Geeks Who Drink
When I first saw the commercials
for this show I was not interested. I
like trivia, but I don’t particularly care for things that emphasize
drinking. It’s not my thing. Then by chance I actually saw an episode of Geeks
Who Drink because it aired after Face Off. The show is not what I thought it would be at
all. Any drinking that does happen is minimal. It is really just a sip here and there, which
leaves the majority of the show to some really great trivia.
In
each episode of Geeks Who Drink there are two teams ready to compete
about all things geeky and nerdy. The
teams are made up of one celebrity who leads the team and two people who have immersed
themselves in the “geek” world. Each has
their own specialty, but they all engage in questions about books, comic books,
TV, movies, and video games. Some of the
questions feel like general knowledge (I say this because maybe I think they are and they really aren’t)
while others are definitely more obscure.
Hence why I do so badly in the first round.
The
first round is always a speed round.
Host Zachary Levi reveals two categories and the contestants have to
determine which category certain terms belong in. The categories can pretty much be anything, which
is why I don’t do too well in this round.
The terms are also very specific.
Even though I know some about Star Wars and Star Trek,
when those were the two categories, with the terms that were given, I hardly
knew anything. The second round is a
much better one for me.
This
time, instead of each contestant getting a turn as in the speed round, the team
that rings in first is the one that gets to answer the question. If that team gets it wrong, the other has the
opportunity to answer. Sometimes neither
team gets the answer right and the show simply moves on to the next question. There isn’t any back and forth until someone
gets it right. That happens in the third
round.
The
third round is a group activity. It is
usually a matching game, a logic puzzle, or putting things into a
timeline. Each team works together to
solve the puzzle and they can keep working no matter how many wrong answers
they give until one of the teams gets it right.
Then it’s on to round four.
Round
four is usually pretty short. Most often
it’s a math problem where the contestants have to figure out the components of
the problem as well as do the math.
Sometimes I get this one right but not too often. I don’t feel too badly about this because the
contestants get them wrong a lot of times too.
However, when I do get the question correct, I am pretty excited.
The
round after the math has nothing to do with trivia.
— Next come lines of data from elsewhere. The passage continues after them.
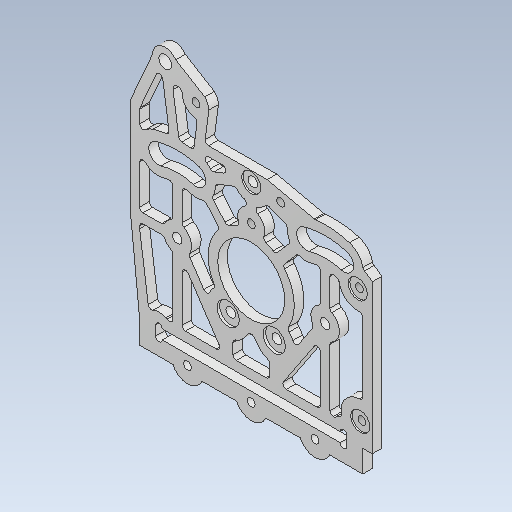
# Autodesk Inventor part: 中間フレーム内側
Saved by Autodesk Inventor 2020.2 (Build 242310000, 310)
## iProperties
Created: 2020-03-13
Part Number: 中間フレーム内側
Material: アルミニウム 2014-T4
Document SubType Name: Modeling
Designer: aoyam
Density: 2.8 g/cm^3
Appearance: サテン
Mass: 22.5667 g
Surface Area: 94.6631 cm^2
Volume: 8.05954 cm^3
Author: aoyam
Autodesk Inventor part; units mm, degrees
ref_plane "YZ Plane" through (0, 0, 0) normal (1, 0, 0) x (0, 1, 0)
ref_plane "XZ Plane" through (0, 0, 0) normal (0, 1, 0) x (-1, 0, 0)
ref_plane "XY Plane" through (0, 0, 0) normal (0, 0, 1) x (1, 0, 0)
sketch "スケッチ1" plane through (0, 0, 0) normal (0, 0, 1) x (1, 0, 0)
  circle A0 centre (0, 15.5) radius 1.25
  circle A1 centre (0, -15.5) radius 1.5
  line L0 (0, 0) -> (100, 0)
  line L1 (0, 15.5) -> (0, -15.5)
  circle A2 centre (23.2, 20.8573) radius 1.5
  circle A3 centre (23.2, 0) radius 1.5
  line L2 (23.2, 20.8573) -> (23.2, 0)
  line L3 (23.2, 0) -> (90.6993, -20)
  line L4 (23.2, 0) -> (29.1254, 19.9979)
  line L5 (23.2, 0) -> (17.2746, 19.9979)
  arc A4 (29.1254, 19.9979) -> (17.2746, 19.9979) centre (23.2, 0) ccw construction
  arc A5 (29.9847, 22.8983) -> (16.4153, 22.8983) centre (23.2, 0) ccw
  arc A6 (28.266, 17.0975) -> (18.134, 17.0975) centre (23.2, 0) ccw
  arc A7 (28.266, 17.0975) -> (29.9847, 22.8983) centre (29.1254, 19.9979) ccw
  arc A8 (16.4153, 22.8983) -> (18.134, 17.0975) centre (17.2746, 19.9979) ccw
  circle A9 centre (0, 0) radius 10.5
  circle A10 centre (0, 0) radius 14.1421
  circle A11 centre (0, 15.5) radius 4.5
  circle A12 centre (0, -15.5) radius 4.5
  line L6 (0, 30) -> (38, 30)
  line L7 (38, 30) -> (38, -28)
  line L8 (38, -28) -> (0, -28)
  line L9 (0, -28) -> (0, 30)
  circle A13 centre (-23.2, 0) radius 1.5
  arc A14 (-16.4153, 22.8983) -> (-29.9847, 22.8983) centre (-23.2, 0) ccw
  arc A15 (-18.134, 17.0975) -> (-28.266, 17.0975) centre (-23.2, 0) ccw
  arc A16 (-29.9847, 22.8983) -> (-28.266, 17.0975) centre (-29.1254, 19.9979) ccw
  arc A17 (-18.134, 17.0975) -> (-16.4153, 22.8983) centre (-17.2746, 19.9979) ccw
  line L10 (0, 30) -> (-38, 30)
  line L11 (-38, 30) -> (-38, -28)
  line L12 (-38, -28) -> (0, -28)
  line L13 (-38, -27) -> (38, -27)
  line L14 (-30, -27) -> (30, -27)
  line L15 (30, -27) -> (30, -30)
  line L16 (30, -30) -> (-30, -30)
  line L17 (-30, -30) -> (-30, -27)
  line L18 (0, -27) -> (0, -33)
  circle A18 centre (0, -33) radius 1.25
  circle A19 centre (-20, -33) radius 1.25
  circle A20 centre (20, -33) radius 1.25
  circle A21 centre (-20, -33) radius 5
  circle A22 centre (0, -33) radius 5
  circle A23 centre (20, -33) radius 5
  line L19 (35, -22) -> (-35, -22)
  line L20 (-35, -22) -> (-35, -35)
  line L21 (-35, -35) -> (35, -35)
  line L22 (35, -35) -> (35, -22)
  circle A24 centre (-28.95, -27) radius 1.05
  line L23 (-30, -27) -> (-28.95, -27)
  line L24 (-12.3917, -28.5) -> (-10.5848, -28.5)
  circle A25 centre (-28.95, -30) radius 1.05
  circle A26 centre (28.95, -27) radius 1.05
  circle A27 centre (28.95, -30) radius 1.05
  line L25 (30, -27) -> (30, -30)
  line L26 (-30, -27) -> (-30, -30)
  circle A28 centre (-27, 46) radius 2
  circle A29 centre (-27, 46) radius 4
  line L27 (-38, 30) -> (-31, 46)
  line L28 (-23.4377, 47.8194) -> (-19, 30)
  circle A30 centre (-17.3043, 39.7432) radius 4
  circle A31 centre (-17.3043, 39.7432) radius 1.25
  line L29 (-23.6785, 48.2289) -> (-14.5834, 42.6752)
  line L30 (-13.3043, 39.7432) -> (-14.5834, 30)
  line L31 (27.4137, -1.5794) -> (34.5946, 17.4704)
  arc A32 (34.5946, 17.4704) -> (30.837, 25.7747) centre (29.1254, 19.9979) ccw
  arc A33 (30.837, 25.7747) -> (23.2, 26.8823) centre (23.2, 0) ccw
  line L32 (23.2, 26.8823) -> (-8.2253, 30.1221)
  arc A34 (-8.2253, 30.1221) -> (-10.295, 30.1221) centre (-9.2601, 26) ccw
  line L33 (-10.295, 30.1221) -> (-23.2, 26.8823)
  arc A35 (-23.2, 26.8823) -> (-30.837, 25.7747) centre (-23.2, 0) ccw
  arc A36 (-30.837, 25.7747) -> (-34.7286, 17.7833) centre (-29.1254, 19.9979) ccw
  line L34 (-34.7286, 17.7833) -> (-27.7, 0)
  arc A37 (-27.7, 0) -> (-25.9762, -3.5416) centre (-23.2, 0) ccw
  line L35 (-25.9762, -3.5416) -> (-10.0045, -16.0614)
  arc A38 (-10.0045, -16.0614) -> (-7.2283, -17.0198) centre (-7.2283, -12.5198) ccw
  line L36 (-7.2283, -17.0198) -> (7.2283, -17.0198)
  arc A39 (7.2283, -17.0198) -> (10.0045, -16.0614) centre (7.2283, -12.5198) ccw
  line L37 (10.0045, -16.0614) -> (25.9762, -3.5416)
  arc A40 (25.9762, -3.5416) -> (27.4137, -1.5794) centre (23.2, 0) ccw
  circle A41 centre (-7.2283, -12.5198) radius 1.5
  circle A42 centre (23.2, 0) radius 1.5
  circle A43 centre (-23.2, 0) radius 1.5
  circle A44 centre (7.2283, -12.5198) radius 1.5
  circle A45 centre (-9.2601, 26) radius 1.25
  arc A46 (28.266, 17.0975) -> (29.9847, 22.8983) centre (29.1254, 19.9979) ccw
  arc A47 (28.266, 17.0975) -> (18.134, 17.0975) centre (23.2, 0) ccw
  arc A48 (16.4153, 22.8983) -> (18.134, 17.0975) centre (17.2746, 19.9979) ccw
  arc A49 (29.9847, 22.8983) -> (16.4153, 22.8983) centre (23.2, 0) ccw
  arc A50 (-29.9847, 22.8983) -> (-28.266, 17.0975) centre (-29.1254, 19.9979) ccw
  arc A51 (-16.4153, 22.8983) -> (-29.9847, 22.8983) centre (-23.2, 0) ccw
  arc A52 (-18.134, 17.0975) -> (-16.4153, 22.8983) centre (-17.2746, 19.9979) ccw
  arc A53 (-18.134, 17.0975) -> (-28.266, 17.0975) centre (-23.2, 0) ccw
  circle A54 centre (9.2601, 26) radius 1.25
  point P0 (0, 0)
  point P1 (24.7, 0)
  point P2 (38, 0)
  point P3 (38, -4.3852)
  point P4 (24.6382, -0.4261)
  point P5 (0.6086, 14.129)
  point P6 (-0.6086, 14.129)
  point P7 (30, -27)
  point P8 (-35, -28)
  point P9 (-24.5826, -35)
  point P10 (-15.4174, -35)
  point P11 (-4.5826, -35)
  point P12 (4.5826, -35)
  point P13 (15.4174, -35)
  point P14 (24.5826, -35)
  point P15 (35, -28)
  point P16 (-27.9, -30)
  point P17 (-30, -30)
  point P18 (-30, -28.4849)
  point P19 (-27.9, -27)
  point P20 (27.9, -27)
  point P21 (30, -27)
  point P22 (30, -30)
  point P23 (27.9, -30)
  point P24 (-30, -30)
  point P25 (-30, -28)
  point P26 (-29.2702, -28)
  point P27 (29.2702, -28)
  point P28 (30, -28)
  point P29 (29.9846, -28.5)
  point P30 (28.5305, -28.5)
  point P31 (-29.9846, -28.5)
  point P32 (-28.5305, -28.5)
  point P33 (0, -30)
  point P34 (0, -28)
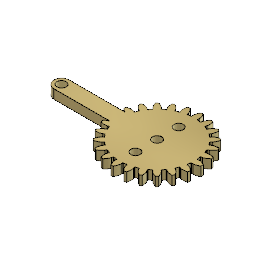
Engrenagem_v8 (Autodesk Fusion 360 design; units mm, degrees)
description: Spur Gear; Module: 1.125; Num Teeth: 24; Pressure Angle: 20.0; Backlash: 0.00 mm
Autodesk Fusion 360 part; units mm, degrees
(part 1 of 5)
sketch "Sketch1" plane through (0, 0, 0) normal (0, 1, 0) x (1, 0, 0)
sketch "Sketch1 (2)" plane through (0, 0, 0) normal (0, 0, 1) x (1, 0, 0) in component "Spur Gear (24 teeth)"
  circle A0 centre (0, 0) radius 12.0992
  circle A1 centre (0, 0) radius 1.5
extrude "Extrude1" add sketch "Sketch1 (2)" along normal blind 3 in component "Spur Gear (24 teeth)"
sketch "Sketch2" plane through (0, 0, 0) normal (0, 0, 1) x (1, 0, 0) in component "Spur Gear (24 teeth)"
  spline S0 degree 5 poles (12.6449, -1.0183) (12.6506, -1.0187) (12.6618, -1.0195) (12.6788, -1.0202) (12.7014, -1.0203) (12.7297, -1.0195) (12.758, -1.0178) (12.7864, -1.0156) (12.8147, -1.0131) (12.8431, -1.0105) (12.8715, -1.0076) (12.8999, -1.0045) (12.9284, -1.0011) (12.9568, -0.9973) (12.9852, -0.9932) (13.0137, -0.9886) (13.0421, -0.9838) (13.0705, -0.9787) (13.099, -0.9733) (13.1274, -0.9678) (13.1559, -0.962) (13.1843, -0.956) (13.2127, -0.9498) (13.2412, -0.9433) (13.2696, -0.9366) (13.298, -0.9297) (13.3264, -0.9226) (13.3549, -0.9152) (13.3833, -0.9076) (13.4117, -0.8999) (13.4401, -0.8919) (13.4684, -0.8838) (13.4968, -0.8754) (13.5252, -0.8669) (13.5535, -0.8581) (13.5819, -0.8492) (13.6102, -0.8401) (13.6385, -0.8308) (13.6669, -0.8214) (13.6952, -0.8117) (13.7234, -0.8019) (13.7517, -0.7919) (13.78, -0.7817) (13.8082, -0.7714) (13.8365, -0.7609) (13.8647, -0.7502) (13.8929, -0.7393) (13.9211, -0.7283) (13.9492, -0.7171) (13.9774, -0.7058) (14.0055, -0.6943) (14.0337, -0.6826) (14.0618, -0.6708) (14.0898, -0.6588) (14.1179, -0.6467) (14.146, -0.6344) (14.174, -0.6219) (14.202, -0.6093) (14.23, -0.5966) (14.2579, -0.5837) (14.2859, -0.5706) (14.3138, -0.5574) (14.3417, -0.544) (14.3696, -0.5305) (14.3975, -0.5169) (14.4253, -0.5031) (14.4531, -0.4891) (14.4809, -0.4751) (14.5087, -0.4608) (14.5364, -0.4465) (14.5641, -0.4319) (14.5863, -0.4202) (14.6029, -0.4114) (14.6139, -0.4054) (14.6195, -0.4024) knots 0 0 0 0 0 0 0.01428571 0.02857143 0.04285714 0.05714286 0.07142857 0.08571429 0.1 0.11428571 0.12857143 0.14285714 0.15714286 0.17142857 0.18571429 0.2 0.21428571 0.22857143 0.24285714 0.25714286 0.27142857 0.28571429 0.3 0.31428571 0.32857143 0.34285714 0.35714286 0.37142857 0.38571429 0.4 0.41428571 0.42857143 0.44285714 0.45714286 0.47142857 0.48571429 0.5 0.51428571 0.52857143 0.54285714 0.55714286 0.57142857 0.58571429 0.6 0.61428571 0.62857143 0.64285714 0.65714286 0.67142857 0.68571429 0.7 0.71428571 0.72857143 0.74285714 0.75714286 0.77142857 0.78571429 0.8 0.81428571 0.82857143 0.84285714 0.85714286 0.87142857 0.88571429 0.9 0.91428571 0.92857143 0.94285714 0.95714286 0.97142857 0.98571429 1 1 1 1 1 1
  spline S1 degree 5 poles (12.6449, 1.0183) (12.6506, 1.0187) (12.6618, 1.0195) (12.6788, 1.0202) (12.7014, 1.0203) (12.7297, 1.0195) (12.758, 1.0178) (12.7864, 1.0156) (12.8147, 1.0131) (12.8431, 1.0105) (12.8715, 1.0076) (12.8999, 1.0045) (12.9284, 1.0011) (12.9568, 0.9973) (12.9852, 0.9932) (13.0137, 0.9886) (13.0421, 0.9838) (13.0705, 0.9787) (13.099, 0.9733) (13.1274, 0.9678) (13.1559, 0.962) (13.1843, 0.956) (13.2127, 0.9498) (13.2412, 0.9433) (13.2696, 0.9366) (13.298, 0.9297) (13.3264, 0.9226) (13.3549, 0.9152) (13.3833, 0.9076) (13.4117, 0.8999) (13.4401, 0.8919) (13.4684, 0.8838) (13.4968, 0.8754) (13.5252, 0.8669) (13.5535, 0.8581) (13.5819, 0.8492) (13.6102, 0.8401) (13.6385, 0.8308) (13.6669, 0.8214) (13.6952, 0.8117) (13.7234, 0.8019) (13.7517, 0.7919) (13.78, 0.7817) (13.8082, 0.7714) (13.8365, 0.7609) (13.8647, 0.7502) (13.8929, 0.7393) (13.9211, 0.7283) (13.9492, 0.7171) (13.9774, 0.7058) (14.0055, 0.6943) (14.0337, 0.6826) (14.0618, 0.6708) (14.0898, 0.6588) (14.1179, 0.6467) (14.146, 0.6344) (14.174, 0.6219) (14.202, 0.6093) (14.23, 0.5966) (14.2579, 0.5837) (14.2859, 0.5706) (14.3138, 0.5574) (14.3417, 0.544) (14.3696, 0.5305) (14.3975, 0.5169) (14.4253, 0.5031) (14.4531, 0.4891) (14.4809, 0.4751) (14.5087, 0.4608) (14.5364, 0.4465) (14.5641, 0.4319) (14.5863, 0.4202) (14.6029, 0.4114) (14.6139, 0.4054) (14.6195, 0.4024) knots 0 0 0 0 0 0 0.01428571 0.02857143 0.04285714 0.05714286 0.07142857 0.08571429 0.1 0.11428571 0.12857143 0.14285714 0.15714286 0.17142857 0.18571429 0.2 0.21428571 0.22857143 0.24285714 0.25714286 0.27142857 0.28571429 0.3 0.31428571 0.32857143 0.34285714 0.35714286 0.37142857 0.38571429 0.4 0.41428571 0.42857143 0.44285714 0.45714286 0.47142857 0.48571429 0.5 0.51428571 0.52857143 0.54285714 0.55714286 0.57142857 0.58571429 0.6 0.61428571 0.62857143 0.64285714 0.65714286 0.67142857 0.68571429 0.7 0.71428571 0.72857143 0.74285714 0.75714286 0.77142857 0.78571429 0.8 0.81428571 0.82857143 0.84285714 0.85714286 0.87142857 0.88571429 0.9 0.91428571 0.92857143 0.94285714 0.95714286 0.97142857 0.98571429 1 1 1 1 1 1
  arc A0 (14.6195, -0.4024) -> (14.6195, 0.4024) centre (0, 0) ccw
  line L0 (12.0502, -0.9712) -> (12.6449, -1.0183)
  line L1 (12.0502, 0.9712) -> (12.6449, 1.0183)
  line L2 (12.0502, -0.9712) -> (12.0502, 0.9712)
  point P0 (12.7841, -1.0157)
  point P1 (12.9241, -1.0016)
  point P2 (13.0647, -0.9797)
  point P3 (13.2057, -0.9513)
  point P4 (13.3469, -0.9172)
  point P5 (13.4884, -0.8779)
  point P6 (13.63, -0.8336)
  point P7 (13.7716, -0.7847)
  point P8 (13.9132, -0.7313)
  point P9 (14.0548, -0.6737)
  point P10 (14.1963, -0.6119)
  point P11 (14.3376, -0.546)
  point P12 (14.4787, -0.4761)
  point P13 (12.7841, 1.0157)
  point P14 (12.9241, 1.0016)
  point P15 (13.0647, 0.9797)
  point P16 (13.2057, 0.9513)
  point P17 (13.3469, 0.9172)
  point P18 (13.4884, 0.8779)
  point P19 (13.63, 0.8336)
  point P20 (13.7716, 0.7847)
  point P21 (13.9132, 0.7313)
  point P22 (14.0548, 0.6737)
  point P23 (14.1963, 0.6119)
  point P24 (14.3376, 0.546)
  point P25 (14.4787, 0.4761)
extrude "Extrude2" add sketch "Sketch2" along normal blind 3 in component "Spur Gear (24 teeth)"
fillet "Fillet1" radius 0.1 2 edges at (12.0601, -0.972, 1.5) (12.0601, 0.972, 1.5) in component "Spur Gear (24 teeth)"
pattern_circular "C-Pattern1" count 24 over 360 about axis through (0, 0, 0) along (0, 0, 1) of "Extrude2", "Fillet1" in component "Spur Gear (24 teeth)"
sketch "Sketch3" plane through (0, 0, 0) normal (0, 0, 1) x (1, 0, 0) in component "Spur Gear (24 teeth)"
  circle A0 centre (0, 0) radius 13.5 construction
sketch "Sketch2 (2)" plane through (0, 0, 3) normal (0, 0, 1) x (1, 0, 0)
  arc A0 (11.9182, -2.0851) -> (12.0517, -1.0706) centre (0, 0) ccw
  arc A1 (12.1592, -0.9798) -> (12.0517, -1.0706) centre (12.1513, -1.0795) ccw
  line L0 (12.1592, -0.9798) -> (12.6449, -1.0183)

Instead the celebrity leads play a bar game
to determine who will make all the decisions for the final round. They are asked to do anything from sliding
shot glasses to popping balloons with light sabers. The winner decides the category for the final
round as well as which team will go first.
It is with the final round that I do the best. Here there is one category and each contestant must name a specific element of that category without repeating an answer or they’re out. The last team with at least one person standing wins. Usually in this round I know a bunch of answers. When the category was about naming men who have won an Academy Award for Best Actor I could have gone on for quite some time. The same would have happened for wizards who appeared in Harry Potter and the Deathly Hallows - Part II. That, of course, implies the conditions were the same as when I am at home. In front of all those people I might forget my own name, which is what I fear would happen if I ever went on Jeopardy. But one never knows. If I were ever on Geeks Who Drink I may be able to push the audience out of my mind and do very well. It would certainly be fun to try. Whether I will ever get the opportunity to do that or not I don’t know, but I do hope Geeks Who Drink gets a second season.